◆ **Instructions to follow**
For the material below, return exactly the lines starting at the line containing "- net +3.3V: now also C12.1" and ending at the line containing "- added J3: 2K, Custom:RPP_48G2_3T3_Male, symbol", both ends included, and no others.
########
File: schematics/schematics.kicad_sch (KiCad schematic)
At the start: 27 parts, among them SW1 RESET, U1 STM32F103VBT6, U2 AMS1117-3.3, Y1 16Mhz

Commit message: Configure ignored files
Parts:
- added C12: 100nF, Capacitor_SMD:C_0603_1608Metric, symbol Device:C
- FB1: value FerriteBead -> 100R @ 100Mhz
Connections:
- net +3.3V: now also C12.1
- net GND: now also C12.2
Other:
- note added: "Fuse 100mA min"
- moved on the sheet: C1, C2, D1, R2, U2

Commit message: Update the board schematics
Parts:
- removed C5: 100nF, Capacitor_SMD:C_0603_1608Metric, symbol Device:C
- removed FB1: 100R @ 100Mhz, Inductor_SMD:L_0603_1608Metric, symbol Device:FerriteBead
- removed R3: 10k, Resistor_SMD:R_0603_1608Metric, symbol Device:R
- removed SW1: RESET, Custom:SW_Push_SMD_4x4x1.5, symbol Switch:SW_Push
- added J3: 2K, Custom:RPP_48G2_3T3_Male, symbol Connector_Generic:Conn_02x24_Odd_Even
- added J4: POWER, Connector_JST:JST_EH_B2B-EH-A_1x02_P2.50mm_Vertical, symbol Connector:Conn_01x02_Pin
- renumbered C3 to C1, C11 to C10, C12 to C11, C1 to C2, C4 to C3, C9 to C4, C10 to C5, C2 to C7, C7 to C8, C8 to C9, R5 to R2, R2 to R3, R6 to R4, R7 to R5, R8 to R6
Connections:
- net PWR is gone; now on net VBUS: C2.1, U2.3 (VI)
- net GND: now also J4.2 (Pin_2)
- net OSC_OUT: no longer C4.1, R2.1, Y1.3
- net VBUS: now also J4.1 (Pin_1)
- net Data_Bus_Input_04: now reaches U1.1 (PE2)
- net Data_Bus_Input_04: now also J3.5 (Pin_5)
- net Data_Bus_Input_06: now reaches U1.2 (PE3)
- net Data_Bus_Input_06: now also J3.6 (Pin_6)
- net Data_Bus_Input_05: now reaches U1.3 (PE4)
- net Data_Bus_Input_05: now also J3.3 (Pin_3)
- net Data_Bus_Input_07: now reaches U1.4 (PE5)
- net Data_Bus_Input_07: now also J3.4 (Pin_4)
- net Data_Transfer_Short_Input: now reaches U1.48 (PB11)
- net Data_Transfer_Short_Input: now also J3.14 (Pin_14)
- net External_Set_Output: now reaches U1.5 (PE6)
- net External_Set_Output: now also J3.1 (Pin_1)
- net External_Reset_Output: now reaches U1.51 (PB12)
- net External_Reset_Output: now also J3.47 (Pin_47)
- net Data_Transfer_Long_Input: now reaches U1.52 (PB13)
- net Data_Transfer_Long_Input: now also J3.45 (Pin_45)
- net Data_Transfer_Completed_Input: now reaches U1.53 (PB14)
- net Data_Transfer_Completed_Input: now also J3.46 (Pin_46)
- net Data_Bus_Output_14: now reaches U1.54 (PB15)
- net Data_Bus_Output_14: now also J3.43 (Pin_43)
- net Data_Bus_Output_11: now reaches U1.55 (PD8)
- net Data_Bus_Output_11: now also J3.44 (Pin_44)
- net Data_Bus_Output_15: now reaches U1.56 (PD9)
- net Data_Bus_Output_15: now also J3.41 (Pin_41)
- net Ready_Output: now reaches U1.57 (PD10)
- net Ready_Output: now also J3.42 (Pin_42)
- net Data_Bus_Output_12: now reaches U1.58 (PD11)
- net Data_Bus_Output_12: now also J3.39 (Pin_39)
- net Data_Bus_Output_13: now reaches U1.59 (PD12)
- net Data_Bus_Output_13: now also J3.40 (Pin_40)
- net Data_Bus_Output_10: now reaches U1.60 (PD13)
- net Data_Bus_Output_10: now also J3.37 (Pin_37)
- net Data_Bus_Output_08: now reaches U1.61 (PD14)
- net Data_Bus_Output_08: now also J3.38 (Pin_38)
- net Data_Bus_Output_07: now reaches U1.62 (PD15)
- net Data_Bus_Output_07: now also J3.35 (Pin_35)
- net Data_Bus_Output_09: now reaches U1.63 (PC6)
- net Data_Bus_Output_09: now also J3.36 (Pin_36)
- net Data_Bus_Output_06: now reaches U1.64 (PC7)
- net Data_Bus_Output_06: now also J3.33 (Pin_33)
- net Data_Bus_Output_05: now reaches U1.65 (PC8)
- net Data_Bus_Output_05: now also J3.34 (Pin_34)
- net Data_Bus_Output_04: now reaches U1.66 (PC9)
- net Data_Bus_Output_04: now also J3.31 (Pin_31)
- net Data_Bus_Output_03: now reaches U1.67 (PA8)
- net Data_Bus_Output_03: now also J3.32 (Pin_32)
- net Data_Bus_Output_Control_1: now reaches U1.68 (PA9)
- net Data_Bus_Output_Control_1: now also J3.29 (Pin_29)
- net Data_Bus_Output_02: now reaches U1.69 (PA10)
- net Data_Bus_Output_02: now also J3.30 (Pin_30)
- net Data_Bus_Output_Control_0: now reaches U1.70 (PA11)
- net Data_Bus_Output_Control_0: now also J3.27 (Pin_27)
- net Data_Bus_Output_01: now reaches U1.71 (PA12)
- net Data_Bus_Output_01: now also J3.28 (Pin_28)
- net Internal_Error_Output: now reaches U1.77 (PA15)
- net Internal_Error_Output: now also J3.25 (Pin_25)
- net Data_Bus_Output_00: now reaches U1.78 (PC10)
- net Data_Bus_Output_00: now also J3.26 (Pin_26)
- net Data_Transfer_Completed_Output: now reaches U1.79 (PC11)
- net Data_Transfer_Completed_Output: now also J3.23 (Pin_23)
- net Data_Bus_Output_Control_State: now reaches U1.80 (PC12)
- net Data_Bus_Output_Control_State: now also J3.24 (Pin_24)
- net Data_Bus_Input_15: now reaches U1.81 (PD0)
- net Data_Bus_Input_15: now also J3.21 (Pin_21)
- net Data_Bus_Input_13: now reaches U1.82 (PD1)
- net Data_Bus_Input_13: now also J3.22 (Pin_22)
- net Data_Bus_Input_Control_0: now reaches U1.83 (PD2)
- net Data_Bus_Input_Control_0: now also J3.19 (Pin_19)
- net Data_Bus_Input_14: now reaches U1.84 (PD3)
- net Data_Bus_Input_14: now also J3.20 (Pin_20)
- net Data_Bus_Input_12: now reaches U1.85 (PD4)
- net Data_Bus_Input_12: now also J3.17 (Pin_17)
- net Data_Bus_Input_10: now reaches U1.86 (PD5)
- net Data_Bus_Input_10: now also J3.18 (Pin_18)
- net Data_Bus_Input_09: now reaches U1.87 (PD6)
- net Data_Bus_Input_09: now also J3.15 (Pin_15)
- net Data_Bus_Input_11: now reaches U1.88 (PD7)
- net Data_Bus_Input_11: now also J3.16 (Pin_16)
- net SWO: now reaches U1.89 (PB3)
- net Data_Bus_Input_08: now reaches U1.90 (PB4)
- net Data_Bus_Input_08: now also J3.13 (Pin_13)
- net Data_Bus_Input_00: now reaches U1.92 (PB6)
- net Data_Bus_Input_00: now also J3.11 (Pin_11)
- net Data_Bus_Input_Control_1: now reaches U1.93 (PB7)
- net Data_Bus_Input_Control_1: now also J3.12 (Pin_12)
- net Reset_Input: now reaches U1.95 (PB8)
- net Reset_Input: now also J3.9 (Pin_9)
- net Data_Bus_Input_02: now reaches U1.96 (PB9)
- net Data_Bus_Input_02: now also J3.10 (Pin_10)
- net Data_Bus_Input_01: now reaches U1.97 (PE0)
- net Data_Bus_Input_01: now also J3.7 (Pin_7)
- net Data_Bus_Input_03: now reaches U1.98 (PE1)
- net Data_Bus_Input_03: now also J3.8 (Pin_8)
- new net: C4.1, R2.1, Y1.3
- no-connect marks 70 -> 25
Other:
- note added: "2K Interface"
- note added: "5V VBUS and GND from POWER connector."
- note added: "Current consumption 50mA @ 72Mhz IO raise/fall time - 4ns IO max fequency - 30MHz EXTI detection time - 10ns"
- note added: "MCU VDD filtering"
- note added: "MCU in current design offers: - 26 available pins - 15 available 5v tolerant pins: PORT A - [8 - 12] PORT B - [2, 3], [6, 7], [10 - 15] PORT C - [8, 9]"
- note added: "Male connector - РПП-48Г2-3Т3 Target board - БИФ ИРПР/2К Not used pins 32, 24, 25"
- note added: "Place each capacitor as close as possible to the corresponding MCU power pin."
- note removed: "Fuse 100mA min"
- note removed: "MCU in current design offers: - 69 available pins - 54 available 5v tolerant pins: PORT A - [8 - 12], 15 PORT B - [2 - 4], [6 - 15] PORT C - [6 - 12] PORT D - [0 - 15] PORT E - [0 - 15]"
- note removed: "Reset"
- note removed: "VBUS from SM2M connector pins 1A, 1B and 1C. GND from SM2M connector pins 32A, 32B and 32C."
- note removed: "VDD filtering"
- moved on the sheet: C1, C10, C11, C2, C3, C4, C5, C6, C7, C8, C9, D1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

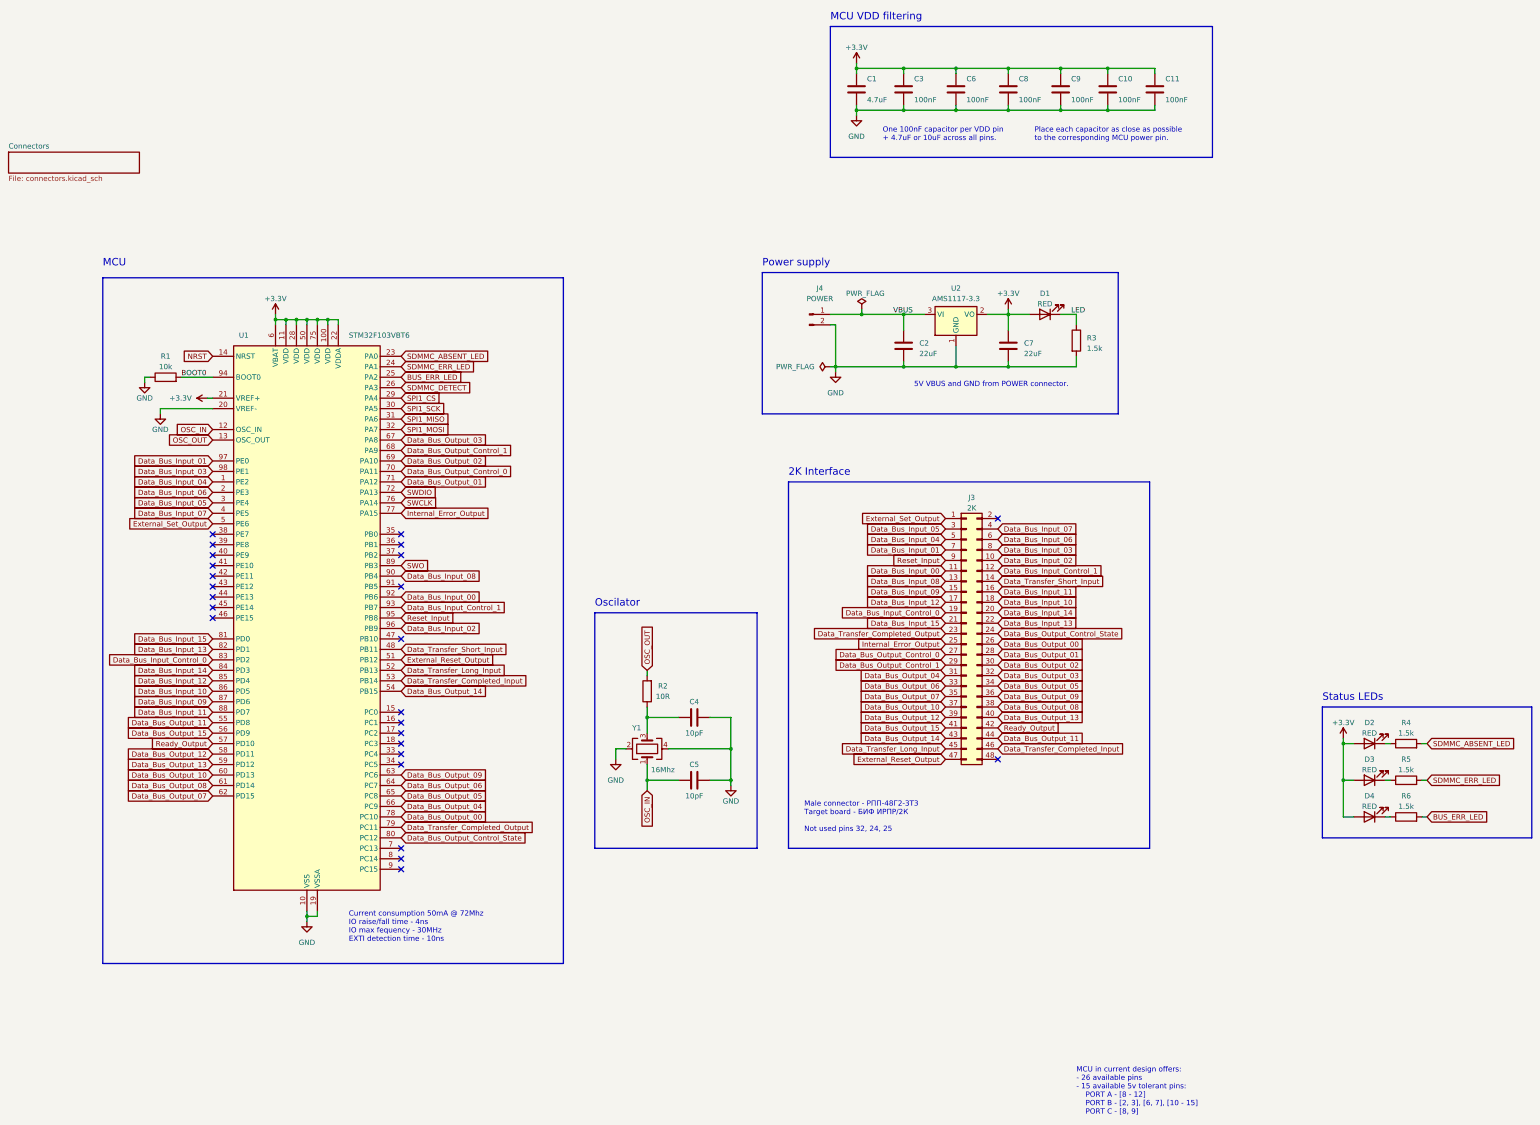
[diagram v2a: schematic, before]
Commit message: Re-route data buses and add heap allocator
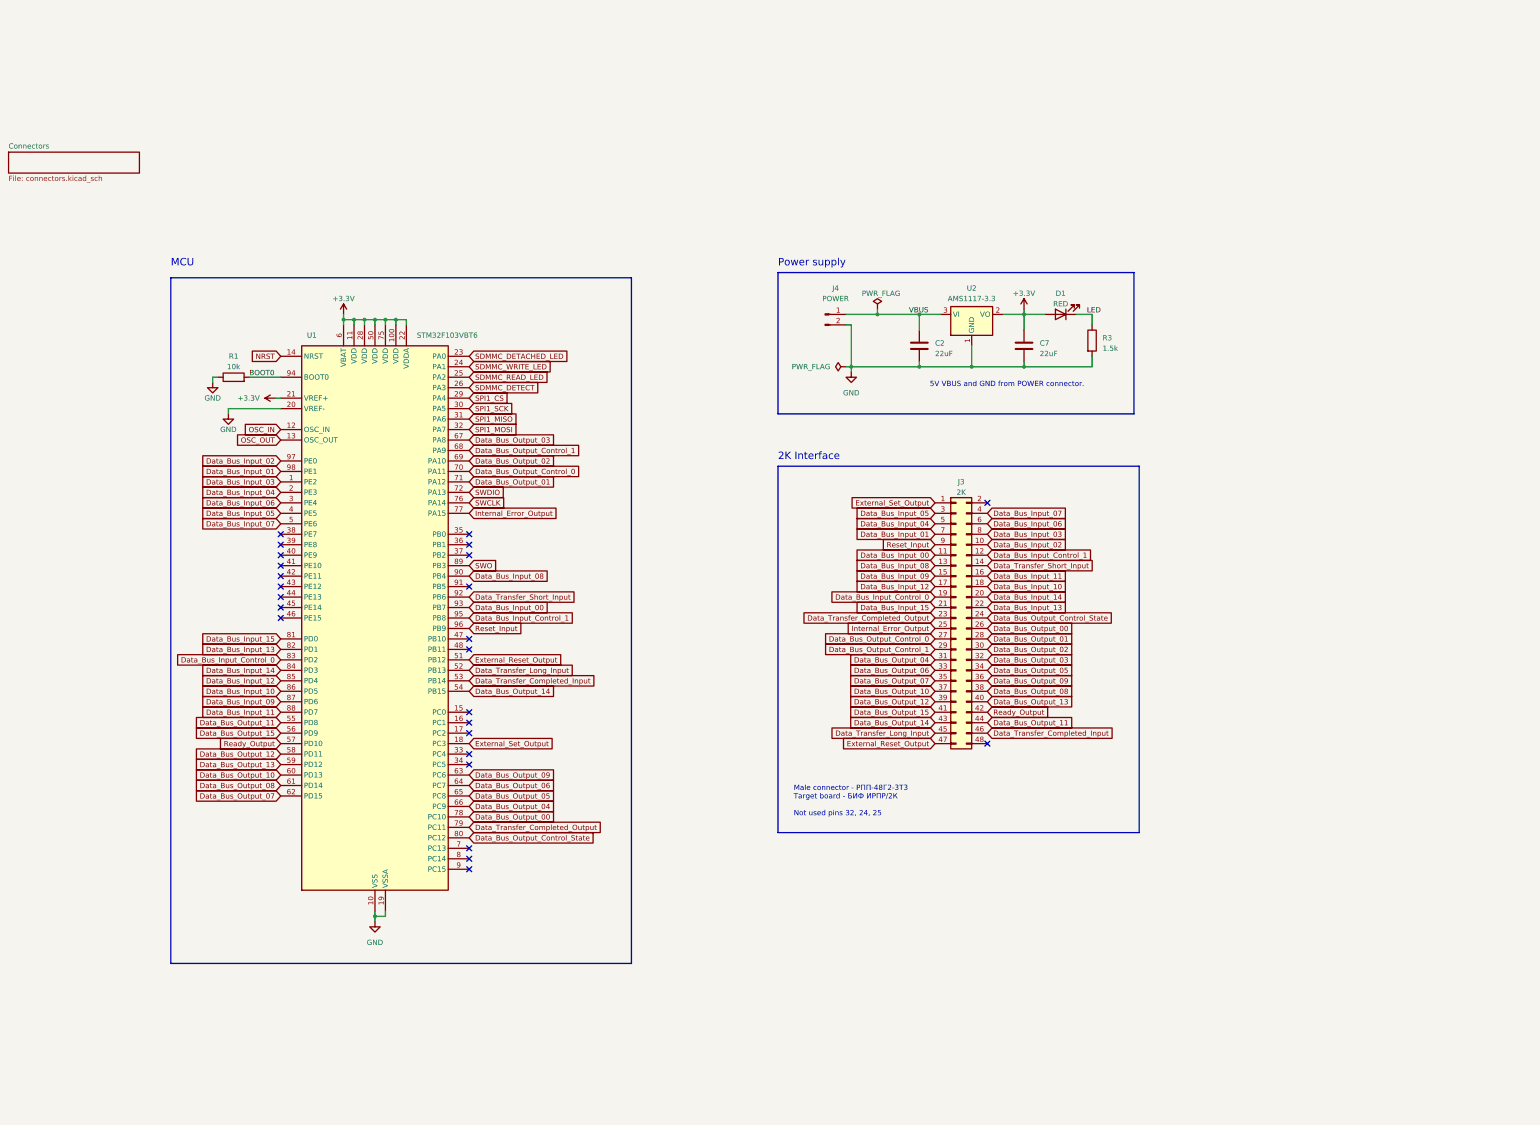
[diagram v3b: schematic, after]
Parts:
- removed C1: 4.7uF, Capacitor_SMD:C_0603_1608Metric, symbol Device:C
- removed C10, C11, C3, C6, C8, C9: 100nF, Capacitor_SMD:C_0603_1608Metric, symbol Device:C
- removed C4, C5: 10pF, Capacitor_SMD:C_0603_1608Metric, symbol Device:C
- removed D2, D3, D4: RED, LED_SMD:LED_0603_1608Metric, symbol Device:LED
- removed R2: 10R, Resistor_SMD:R_0603_1608Metric, symbol Device:R
- removed R4, R5, R6: 1.5k, Resistor_SMD:R_0603_1608Metric, symbol Device:R
- removed Y1: 16Mhz, Crystal:Crystal_SMD_3225-4Pin_3.2x2.5mm, symbol Device:Crystal_GND24
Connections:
- net Data_Bus_Input_00: now also U1.93 (PB7); no longer U1.92 (PB6)
- net Data_Bus_Input_01: now also U1.98 (PE1); no longer U1.97 (PE0)
- net Data_Bus_Input_02: now also U1.97 (PE0); no longer U1.96 (PB9)
- net Data_Bus_Input_03: now also U1.1 (PE2); no longer U1.98 (PE1)
- net Data_Bus_Input_04: now also U1.2 (PE3); no longer U1.1 (PE2)
- net Data_Bus_Input_05: now also U1.4 (PE5); no longer U1.3 (PE4)
- net Data_Bus_Input_06: now also U1.3 (PE4); no longer U1.2 (PE3)
- net Data_Bus_Input_07: now also U1.5 (PE6); no longer U1.4 (PE5)
- net Data_Bus_Input_Control_1: now also U1.95 (PB8); no longer U1.93 (PB7)
- net Data_Transfer_Short_Input: now also U1.92 (PB6); no longer U1.48 (PB11)
- net External_Set_Output: now also U1.18 (PC3); no longer U1.5 (PE6)
- net Reset_Input: now also U1.96 (PB9); no longer U1.95 (PB8)
- net BUS_ERR_LED renamed SDMMC_READ_LED
- net SDMMC_ABSENT_LED renamed SDMMC_DETACHED_LED
- net SDMMC_ERR_LED renamed SDMMC_WRITE_LED
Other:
- note removed: "Current consumption 50mA @ 72Mhz IO raise/fall time - 4ns IO max fequency - 30MHz EXTI detection time - 10ns"
- note removed: "MCU VDD filtering"
- note removed: "MCU in current design offers: - 26 available pins - 15 available 5v tolerant pins: PORT A - [8 - 12] PORT B - [2, 3], [6, 7], [10 - 15] PORT C - [8, 9]"
- note removed: "One 100nF capacitor per VDD pin + 4.7uF or 10uF across all pins."
- note removed: "Oscilator"
- note removed: "Place each capacitor as close as possible to the corresponding MCU power pin."
- note removed: "Status LEDs"
- moved on the sheet: C2, C7, D1, J3, J4, R1, R3, U1, U2
########
◆ **Response box**
- net +3.3V: now also C12.1
- net GND: now also C12.2
Other:
- note added: "Fuse 100mA min"
- moved on the sheet: C1, C2, D1, R2, U2

Commit message: Update the board schematics
Parts:
- removed C5: 100nF, Capacitor_SMD:C_0603_1608Metric, symbol Device:C
- removed FB1: 100R @ 100Mhz, Inductor_SMD:L_0603_1608Metric, symbol Device:FerriteBead
- removed R3: 10k, Resistor_SMD:R_0603_1608Metric, symbol Device:R
- removed SW1: RESET, Custom:SW_Push_SMD_4x4x1.5, symbol Switch:SW_Push
- added J3: 2K, Custom:RPP_48G2_3T3_Male, symbol Connector_Generic:Conn_02x24_Odd_Even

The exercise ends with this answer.